* [WORK INSTRUCTION]
Apart from the pictures, which must be omitted, restate the data exactly.

* [MATERIAL SHOWN]

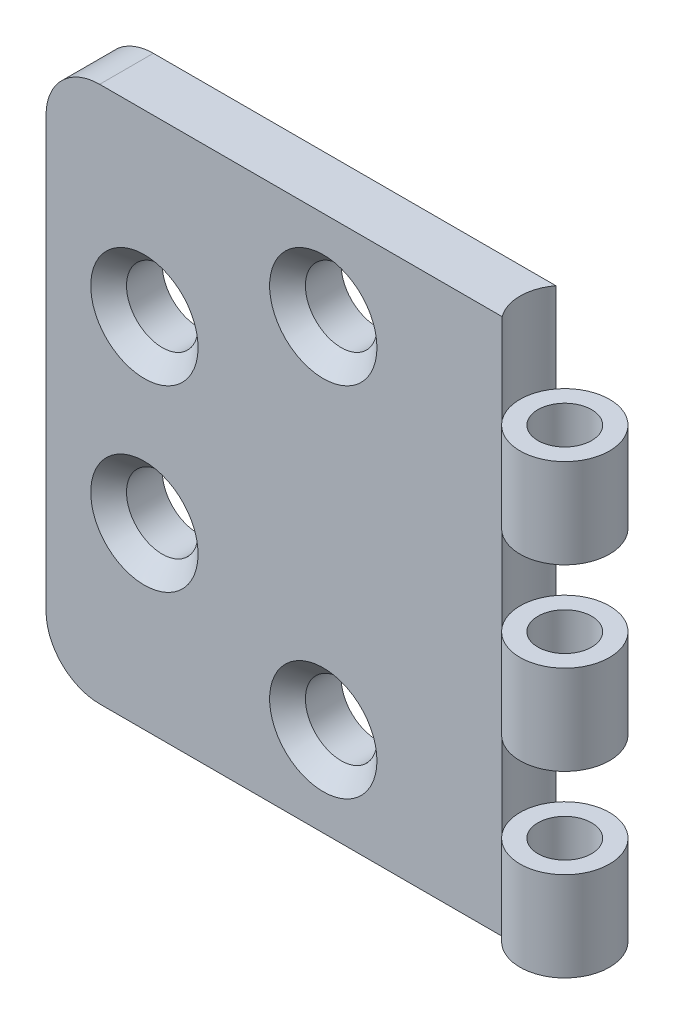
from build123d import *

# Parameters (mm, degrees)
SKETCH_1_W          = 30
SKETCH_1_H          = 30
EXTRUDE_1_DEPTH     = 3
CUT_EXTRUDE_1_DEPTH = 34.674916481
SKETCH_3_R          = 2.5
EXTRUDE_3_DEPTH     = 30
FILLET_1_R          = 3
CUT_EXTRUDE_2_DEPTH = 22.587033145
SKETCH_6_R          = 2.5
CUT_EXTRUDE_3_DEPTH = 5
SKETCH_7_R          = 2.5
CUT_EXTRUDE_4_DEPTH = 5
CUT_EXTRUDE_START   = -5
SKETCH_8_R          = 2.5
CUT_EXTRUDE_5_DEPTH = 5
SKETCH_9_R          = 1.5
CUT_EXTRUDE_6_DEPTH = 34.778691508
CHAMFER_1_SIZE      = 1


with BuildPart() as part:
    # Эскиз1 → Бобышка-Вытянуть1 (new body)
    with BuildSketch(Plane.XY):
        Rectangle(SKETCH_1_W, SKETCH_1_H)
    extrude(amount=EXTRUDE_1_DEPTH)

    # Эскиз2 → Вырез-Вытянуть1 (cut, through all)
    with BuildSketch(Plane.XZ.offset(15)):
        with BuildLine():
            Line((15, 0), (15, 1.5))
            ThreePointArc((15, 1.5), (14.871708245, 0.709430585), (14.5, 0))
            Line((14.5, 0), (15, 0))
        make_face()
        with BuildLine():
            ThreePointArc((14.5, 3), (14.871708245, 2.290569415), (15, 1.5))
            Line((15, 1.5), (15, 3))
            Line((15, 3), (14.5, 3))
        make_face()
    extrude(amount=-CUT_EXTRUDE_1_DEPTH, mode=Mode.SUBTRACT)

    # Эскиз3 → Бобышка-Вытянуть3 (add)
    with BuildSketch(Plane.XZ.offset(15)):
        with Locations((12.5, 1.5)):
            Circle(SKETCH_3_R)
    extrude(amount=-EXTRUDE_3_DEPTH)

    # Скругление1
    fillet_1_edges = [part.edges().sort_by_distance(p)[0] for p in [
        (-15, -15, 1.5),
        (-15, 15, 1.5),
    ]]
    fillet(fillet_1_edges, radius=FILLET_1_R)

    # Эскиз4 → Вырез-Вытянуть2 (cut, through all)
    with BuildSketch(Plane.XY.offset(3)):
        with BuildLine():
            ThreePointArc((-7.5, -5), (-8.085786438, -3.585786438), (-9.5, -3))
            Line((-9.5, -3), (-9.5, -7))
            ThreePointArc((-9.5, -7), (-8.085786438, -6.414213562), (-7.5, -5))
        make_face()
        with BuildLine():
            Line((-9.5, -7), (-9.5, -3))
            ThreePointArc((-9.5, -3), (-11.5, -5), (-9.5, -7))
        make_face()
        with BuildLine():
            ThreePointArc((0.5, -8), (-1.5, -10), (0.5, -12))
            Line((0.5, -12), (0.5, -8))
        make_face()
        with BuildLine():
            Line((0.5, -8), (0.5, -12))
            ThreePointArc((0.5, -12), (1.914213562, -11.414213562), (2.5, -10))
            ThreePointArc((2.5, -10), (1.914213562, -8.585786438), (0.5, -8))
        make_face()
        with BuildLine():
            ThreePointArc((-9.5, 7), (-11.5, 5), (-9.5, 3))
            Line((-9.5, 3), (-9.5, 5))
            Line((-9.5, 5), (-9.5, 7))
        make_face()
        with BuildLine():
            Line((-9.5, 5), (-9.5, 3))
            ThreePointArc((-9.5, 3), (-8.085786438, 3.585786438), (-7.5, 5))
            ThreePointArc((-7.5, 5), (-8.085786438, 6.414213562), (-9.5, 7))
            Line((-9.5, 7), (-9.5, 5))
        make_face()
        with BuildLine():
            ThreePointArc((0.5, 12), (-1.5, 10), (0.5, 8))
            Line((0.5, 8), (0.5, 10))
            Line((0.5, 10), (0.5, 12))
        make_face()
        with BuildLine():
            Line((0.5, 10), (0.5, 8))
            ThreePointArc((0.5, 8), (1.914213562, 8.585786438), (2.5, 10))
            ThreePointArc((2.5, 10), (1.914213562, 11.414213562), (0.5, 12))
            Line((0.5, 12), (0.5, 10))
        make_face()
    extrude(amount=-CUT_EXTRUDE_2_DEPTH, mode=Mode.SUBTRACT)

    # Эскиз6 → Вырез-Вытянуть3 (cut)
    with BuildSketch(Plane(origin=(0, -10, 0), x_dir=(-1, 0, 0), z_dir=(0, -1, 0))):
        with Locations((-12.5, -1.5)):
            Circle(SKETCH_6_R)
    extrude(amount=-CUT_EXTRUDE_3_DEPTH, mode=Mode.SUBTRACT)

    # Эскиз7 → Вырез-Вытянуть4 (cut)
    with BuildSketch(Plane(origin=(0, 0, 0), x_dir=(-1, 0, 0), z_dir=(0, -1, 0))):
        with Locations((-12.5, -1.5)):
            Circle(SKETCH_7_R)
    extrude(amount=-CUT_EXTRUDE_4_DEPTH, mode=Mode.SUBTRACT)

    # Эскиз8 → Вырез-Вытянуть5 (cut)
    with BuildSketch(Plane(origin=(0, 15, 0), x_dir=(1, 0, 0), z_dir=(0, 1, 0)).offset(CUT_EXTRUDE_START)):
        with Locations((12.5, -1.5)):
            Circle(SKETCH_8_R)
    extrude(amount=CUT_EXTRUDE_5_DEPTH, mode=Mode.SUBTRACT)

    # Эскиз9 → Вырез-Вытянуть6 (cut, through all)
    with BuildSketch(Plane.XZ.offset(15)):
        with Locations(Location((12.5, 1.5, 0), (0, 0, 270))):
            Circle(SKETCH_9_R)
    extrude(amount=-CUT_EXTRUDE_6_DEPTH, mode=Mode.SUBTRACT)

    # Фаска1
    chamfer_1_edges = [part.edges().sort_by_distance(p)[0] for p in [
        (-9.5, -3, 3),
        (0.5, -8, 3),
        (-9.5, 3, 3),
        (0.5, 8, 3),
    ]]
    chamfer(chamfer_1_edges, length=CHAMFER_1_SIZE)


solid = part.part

* [RESULT OF THIS TASK]
from build123d import *

# Parameters (mm, degrees)
SKETCH_1_W          = 30
SKETCH_1_H          = 30
EXTRUDE_1_DEPTH     = 3
CUT_EXTRUDE_1_DEPTH = 34.674916481
SKETCH_3_R          = 2.5
EXTRUDE_3_DEPTH     = 30
FILLET_1_R          = 3
CUT_EXTRUDE_2_DEPTH = 22.587033145
SKETCH_6_R          = 2.5
CUT_EXTRUDE_3_DEPTH = 5
SKETCH_7_R          = 2.5
CUT_EXTRUDE_4_DEPTH = 5
CUT_EXTRUDE_START   = -5
SKETCH_8_R          = 2.5
CUT_EXTRUDE_5_DEPTH = 5
SKETCH_9_R          = 1.5
CUT_EXTRUDE_6_DEPTH = 34.778691508
CHAMFER_1_SIZE      = 1


with BuildPart() as part:
    # Эскиз1 → Бобышка-Вытянуть1 (new body)
    with BuildSketch(Plane.XY):
        Rectangle(SKETCH_1_W, SKETCH_1_H)
    extrude(amount=EXTRUDE_1_DEPTH)

    # Эскиз2 → Вырез-Вытянуть1 (cut, through all)
    with BuildSketch(Plane.XZ.offset(15)):
        with BuildLine():
            Line((15, 0), (15, 1.5))
            ThreePointArc((15, 1.5), (14.871708245, 0.709430585), (14.5, 0))
            Line((14.5, 0), (15, 0))
        make_face()
        with BuildLine():
            ThreePointArc((14.5, 3), (14.871708245, 2.290569415), (15, 1.5))
            Line((15, 1.5), (15, 3))
            Line((15, 3), (14.5, 3))
        make_face()
    extrude(amount=-CUT_EXTRUDE_1_DEPTH, mode=Mode.SUBTRACT)

    # Эскиз3 → Бобышка-Вытянуть3 (add)
    with BuildSketch(Plane.XZ.offset(15)):
        with Locations((12.5, 1.5)):
            Circle(SKETCH_3_R)
    extrude(amount=-EXTRUDE_3_DEPTH)

    # Скругление1
    fillet_1_edges = [part.edges().sort_by_distance(p)[0] for p in [
        (-15, -15, 1.5),
        (-15, 15, 1.5),
    ]]
    fillet(fillet_1_edges, radius=FILLET_1_R)

    # Эскиз4 → Вырез-Вытянуть2 (cut, through all)
    with BuildSketch(Plane.XY.offset(3)):
        with BuildLine():
            ThreePointArc((-7.5, -5), (-8.085786438, -3.585786438), (-9.5, -3))
            Line((-9.5, -3), (-9.5, -7))
            ThreePointArc((-9.5, -7), (-8.085786438, -6.414213562), (-7.5, -5))
        make_face()
        with BuildLine():
            Line((-9.5, -7), (-9.5, -3))
            ThreePointArc((-9.5, -3), (-11.5, -5), (-9.5, -7))
        make_face()
        with BuildLine():
            ThreePointArc((0.5, -8), (-1.5, -10), (0.5, -12))
            Line((0.5, -12), (0.5, -8))
        make_face()
        with BuildLine():
            Line((0.5, -8), (0.5, -12))
            ThreePointArc((0.5, -12), (1.914213562, -11.414213562), (2.5, -10))
            ThreePointArc((2.5, -10), (1.914213562, -8.585786438), (0.5, -8))
        make_face()
        with BuildLine():
            ThreePointArc((-9.5, 7), (-11.5, 5), (-9.5, 3))
            Line((-9.5, 3), (-9.5, 5))
            Line((-9.5, 5), (-9.5, 7))
        make_face()
        with BuildLine():
            Line((-9.5, 5), (-9.5, 3))
            ThreePointArc((-9.5, 3), (-8.085786438, 3.585786438), (-7.5, 5))
            ThreePointArc((-7.5, 5), (-8.085786438, 6.414213562), (-9.5, 7))
            Line((-9.5, 7), (-9.5, 5))
        make_face()
        with BuildLine():
            ThreePointArc((0.5, 12), (-1.5, 10), (0.5, 8))
            Line((0.5, 8), (0.5, 10))
            Line((0.5, 10), (0.5, 12))
        make_face()
        with BuildLine():
            Line((0.5, 10), (0.5, 8))
            ThreePointArc((0.5, 8), (1.914213562, 8.585786438), (2.5, 10))
            ThreePointArc((2.5, 10), (1.914213562, 11.414213562), (0.5, 12))
            Line((0.5, 12), (0.5, 10))
        make_face()
    extrude(amount=-CUT_EXTRUDE_2_DEPTH, mode=Mode.SUBTRACT)

    # Эскиз6 → Вырез-Вытянуть3 (cut)
    with BuildSketch(Plane(origin=(0, -10, 0), x_dir=(-1, 0, 0), z_dir=(0, -1, 0))):
        with Locations((-12.5, -1.5)):
            Circle(SKETCH_6_R)
    extrude(amount=-CUT_EXTRUDE_3_DEPTH, mode=Mode.SUBTRACT)

    # Эскиз7 → Вырез-Вытянуть4 (cut)
    with BuildSketch(Plane(origin=(0, 0, 0), x_dir=(-1, 0, 0), z_dir=(0, -1, 0))):
        with Locations((-12.5, -1.5)):
            Circle(SKETCH_7_R)
    extrude(amount=-CUT_EXTRUDE_4_DEPTH, mode=Mode.SUBTRACT)

    # Эскиз8 → Вырез-Вытянуть5 (cut)
    with BuildSketch(Plane(origin=(0, 15, 0), x_dir=(1, 0, 0), z_dir=(0, 1, 0)).offset(CUT_EXTRUDE_START)):
        with Locations((12.5, -1.5)):
            Circle(SKETCH_8_R)
    extrude(amount=CUT_EXTRUDE_5_DEPTH, mode=Mode.SUBTRACT)

    # Эскиз9 → Вырез-Вытянуть6 (cut, through all)
    with BuildSketch(Plane.XZ.offset(15)):
        with Locations(Location((12.5, 1.5, 0), (0, 0, 270))):
            Circle(SKETCH_9_R)
    extrude(amount=-CUT_EXTRUDE_6_DEPTH, mode=Mode.SUBTRACT)

    # Фаска1
    chamfer_1_edges = [part.edges().sort_by_distance(p)[0] for p in [
        (-9.5, -3, 3),
        (0.5, -8, 3),
        (-9.5, 3, 3),
        (0.5, 8, 3),
    ]]
    chamfer(chamfer_1_edges, length=CHAMFER_1_SIZE)


solid = part.part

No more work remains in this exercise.